What is the syntax for textcat.teach for multi-class?


I can manually label as

prodigy textcat.manual email ./subject-text-stratified-990.jsonl --exclusive --label x,y,z

What is the equivalent for teach?

prodigy textcat.teach email  blank:en ./subject-text-stratified-990.jsonl --label x,y,z 

I get this when I try the above.

Using 3 label(s): x, y, z
Added dataset email to database SQLite.
TypeError: 'str' object does not support item assignment

Any help appreciated.

Hello @jdewsnip,

thank you for your question and welcome to the prodigy forum!
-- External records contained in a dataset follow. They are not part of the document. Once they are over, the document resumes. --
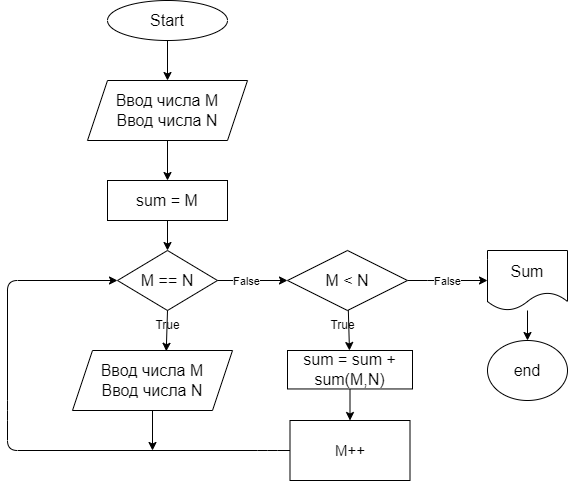

The diagram above was exported from draw.io. Its source (the exported page's mxGraphModel, read from the mxfile embedded in the PNG):
<mxGraphModel dx="732" dy="568" grid="1" gridSize="10" guides="1" tooltips="1" connect="1" arrows="1" fold="1" page="1" pageScale="1" pageWidth="850" pageHeight="1100" math="0" shadow="0">
  <root>
    <mxCell id="0" />
    <mxCell id="1" parent="0" />
    <mxCell id="4" value="" style="edgeStyle=none;html=1;fontSize=16;" parent="1" source="2" target="3" edge="1">
      <mxGeometry relative="1" as="geometry" />
    </mxCell>
    <mxCell id="2" value="Start" style="ellipse;whiteSpace=wrap;html=1;fontSize=16;" parent="1" vertex="1">
      <mxGeometry x="300" y="30" width="120" height="40" as="geometry" />
    </mxCell>
    <mxCell id="51" value="" style="edgeStyle=none;html=1;entryX=0.5;entryY=0;entryDx=0;entryDy=0;" parent="1" source="3" edge="1" target="95">
      <mxGeometry relative="1" as="geometry">
        <mxPoint x="360" y="190" as="targetPoint" />
      </mxGeometry>
    </mxCell>
    <mxCell id="3" value="Ввод числа M&lt;br&gt;Ввод числа N" style="shape=parallelogram;perimeter=parallelogramPerimeter;whiteSpace=wrap;html=1;fixedSize=1;fontSize=16;" parent="1" vertex="1">
      <mxGeometry x="280" y="110" width="160" height="60" as="geometry" />
    </mxCell>
    <mxCell id="35" value="M == N" style="rhombus;whiteSpace=wrap;html=1;fontSize=16;" parent="1" vertex="1">
      <mxGeometry x="310" y="280" width="100" height="60" as="geometry" />
    </mxCell>
    <mxCell id="47" value="" style="edgeStyle=none;html=1;exitX=1;exitY=0.5;exitDx=0;exitDy=0;" parent="1" source="35" edge="1">
      <mxGeometry relative="1" as="geometry">
        <mxPoint x="410" y="335" as="sourcePoint" />
        <mxPoint x="480" y="310" as="targetPoint" />
        <Array as="points">
          <mxPoint x="480" y="310" />
        </Array>
      </mxGeometry>
    </mxCell>
    <mxCell id="62" value="False" style="edgeLabel;html=1;align=center;verticalAlign=middle;resizable=0;points=[];" parent="47" vertex="1" connectable="0">
      <mxGeometry x="-0.2" relative="1" as="geometry">
        <mxPoint as="offset" />
      </mxGeometry>
    </mxCell>
    <mxCell id="65" value="" style="edgeStyle=none;html=1;entryX=0;entryY=0.5;entryDx=0;entryDy=0;exitX=0.5;exitY=1;exitDx=0;exitDy=0;startArrow=none;" parent="1" source="75" target="35" edge="1">
      <mxGeometry relative="1" as="geometry">
        <mxPoint x="220" y="680" as="targetPoint" />
        <Array as="points">
          <mxPoint x="550" y="480" />
          <mxPoint x="460" y="480" />
          <mxPoint x="200" y="480" />
          <mxPoint x="200" y="440" />
          <mxPoint x="200" y="310" />
        </Array>
        <mxPoint x="300" y="680" as="sourcePoint" />
      </mxGeometry>
    </mxCell>
    <mxCell id="63" value="True" style="text;html=1;align=center;verticalAlign=middle;resizable=0;points=[];autosize=1;strokeColor=none;fillColor=none;" parent="1" vertex="1">
      <mxGeometry x="335" y="340" width="50" height="30" as="geometry" />
    </mxCell>
    <mxCell id="75" value="&lt;span style=&quot;font-size: 15px;&quot;&gt;M++&lt;/span&gt;" style="rounded=0;whiteSpace=wrap;html=1;" parent="1" vertex="1">
      <mxGeometry x="482.5" y="450" width="120" height="60" as="geometry" />
    </mxCell>
    <mxCell id="87" value="&lt;font style=&quot;font-size: 16px;&quot;&gt;end&lt;/font&gt;" style="ellipse;whiteSpace=wrap;html=1;" parent="1" vertex="1">
      <mxGeometry x="680" y="370" width="80" height="60" as="geometry" />
    </mxCell>
    <mxCell id="92" value="" style="edgeStyle=none;html=1;fontSize=16;" parent="1" source="90" edge="1">
      <mxGeometry relative="1" as="geometry">
        <mxPoint x="350" y="440" as="targetPoint" />
      </mxGeometry>
    </mxCell>
    <mxCell id="99" value="" style="edgeStyle=none;html=1;fontSize=16;" edge="1" parent="1" source="90">
      <mxGeometry relative="1" as="geometry">
        <mxPoint x="345" y="480" as="targetPoint" />
      </mxGeometry>
    </mxCell>
    <mxCell id="90" value="Ввод числа M&lt;br&gt;Ввод числа N" style="shape=parallelogram;perimeter=parallelogramPerimeter;whiteSpace=wrap;html=1;fixedSize=1;fontSize=16;" parent="1" vertex="1">
      <mxGeometry x="265" y="380" width="160" height="60" as="geometry" />
    </mxCell>
    <mxCell id="93" value="" style="endArrow=classic;html=1;fontSize=16;exitX=0.5;exitY=1;exitDx=0;exitDy=0;entryX=0.586;entryY=0.013;entryDx=0;entryDy=0;entryPerimeter=0;" parent="1" source="35" target="90" edge="1">
      <mxGeometry width="50" height="50" relative="1" as="geometry">
        <mxPoint x="480" y="320" as="sourcePoint" />
        <mxPoint x="530" y="270" as="targetPoint" />
      </mxGeometry>
    </mxCell>
    <mxCell id="96" value="" style="edgeStyle=none;html=1;fontSize=16;entryX=0.5;entryY=0;entryDx=0;entryDy=0;" edge="1" parent="1" source="95" target="35">
      <mxGeometry relative="1" as="geometry" />
    </mxCell>
    <mxCell id="95" value="sum = M" style="rounded=0;whiteSpace=wrap;html=1;fontSize=16;" vertex="1" parent="1">
      <mxGeometry x="300" y="210" width="120" height="40" as="geometry" />
    </mxCell>
    <mxCell id="102" value="" style="edgeStyle=none;html=1;fontSize=16;" edge="1" parent="1" source="101" target="75">
      <mxGeometry relative="1" as="geometry" />
    </mxCell>
    <mxCell id="101" value="sum = sum + sum(M,N)" style="rounded=0;whiteSpace=wrap;html=1;fontSize=16;" vertex="1" parent="1">
      <mxGeometry x="480" y="380" width="125" height="38.46" as="geometry" />
    </mxCell>
    <mxCell id="104" value="" style="edgeStyle=none;html=1;fontSize=16;" edge="1" parent="1" source="103" target="101">
      <mxGeometry relative="1" as="geometry" />
    </mxCell>
    <mxCell id="106" value="" style="edgeStyle=none;html=1;fontSize=16;" edge="1" parent="1" source="103" target="105">
      <mxGeometry relative="1" as="geometry">
        <Array as="points">
          <mxPoint x="630" y="310" />
        </Array>
      </mxGeometry>
    </mxCell>
    <mxCell id="103" value="M &amp;lt; N" style="rhombus;whiteSpace=wrap;html=1;fontSize=16;" vertex="1" parent="1">
      <mxGeometry x="480" y="280" width="120" height="60" as="geometry" />
    </mxCell>
    <mxCell id="109" value="" style="edgeStyle=none;html=1;fontSize=16;" edge="1" parent="1" source="105" target="87">
      <mxGeometry relative="1" as="geometry" />
    </mxCell>
    <mxCell id="105" value="Sum" style="shape=document;whiteSpace=wrap;html=1;boundedLbl=1;fontSize=16;" vertex="1" parent="1">
      <mxGeometry x="680" y="280" width="80" height="60" as="geometry" />
    </mxCell>
    <mxCell id="107" value="True" style="text;html=1;align=center;verticalAlign=middle;resizable=0;points=[];autosize=1;strokeColor=none;fillColor=none;" vertex="1" parent="1">
      <mxGeometry x="510" y="340" width="50" height="30" as="geometry" />
    </mxCell>
    <mxCell id="108" value="False" style="edgeLabel;html=1;align=center;verticalAlign=middle;resizable=0;points=[];" vertex="1" connectable="0" parent="1">
      <mxGeometry x="602.5" y="300" as="geometry">
        <mxPoint x="37" y="10" as="offset" />
      </mxGeometry>
    </mxCell>
  </root>
</mxGraphModel>

Could you post an example of your .jsonl-file? I suspect that you might use the key "meta" with a string value in your data, for which Prodigy uses a dict as value. During the prediction, it tries to add a score to the meta-dictionary which could cause the error you see.

Ah ok that makes sense.

"meta":"{\"uuid\":\"<xxx@mail.gmail.com>\",\"subject\":\"RE: la la la\",\"date\":\"2020-03-07 09:21:24\",\"to\":\"someguy@somewhere.com\",\"from\":\"a@b.com\",\"n_attachments\":4,\"topic_name\":\"foo\",\"topic_num\":6}"

I have "validate": false in prodigy.json and I guess this can not be ignored for teach as it updates the meta?

Sorry @jdewsnip , our system thought that your replies were spam which is why they're hidden. I unmarked one of them as non-spam, so hopefully it is not hidden anymore.

textcat.manual does not access the meta-key which is why the error does not occur there.

You could change your meta-value to a dictionary with a key like "additional_information" or "mail_header" having the string as value:

"meta": {"additional_information": "{\"uuid\":\"<xxx@mail.gmail.com>\",\"subject\":\"RE: la la la\",\"date\":\"2020-03-07 09:21:24\",\"to\":\"someguy@somewhere.com\",\"from\":\"a@b.com\",\"n_attachments\":4,\"topic_name\":\"foo\",\"topic_num\":6}"}

Or you encode your string directly as a dictionary, similar to this:

"meta": {"uuid": "<xxx@mail.gmail.com>","subject":"RE: la la la","date":"2020-03-07 09:21:24","to": "someguy@somewhere.com", "from":"a@b.com","n_attachments":4,"topic_name":"foo","topic_num":6}

I hope one of the two approaches works for you. Please let me know if not or if you have any further questions.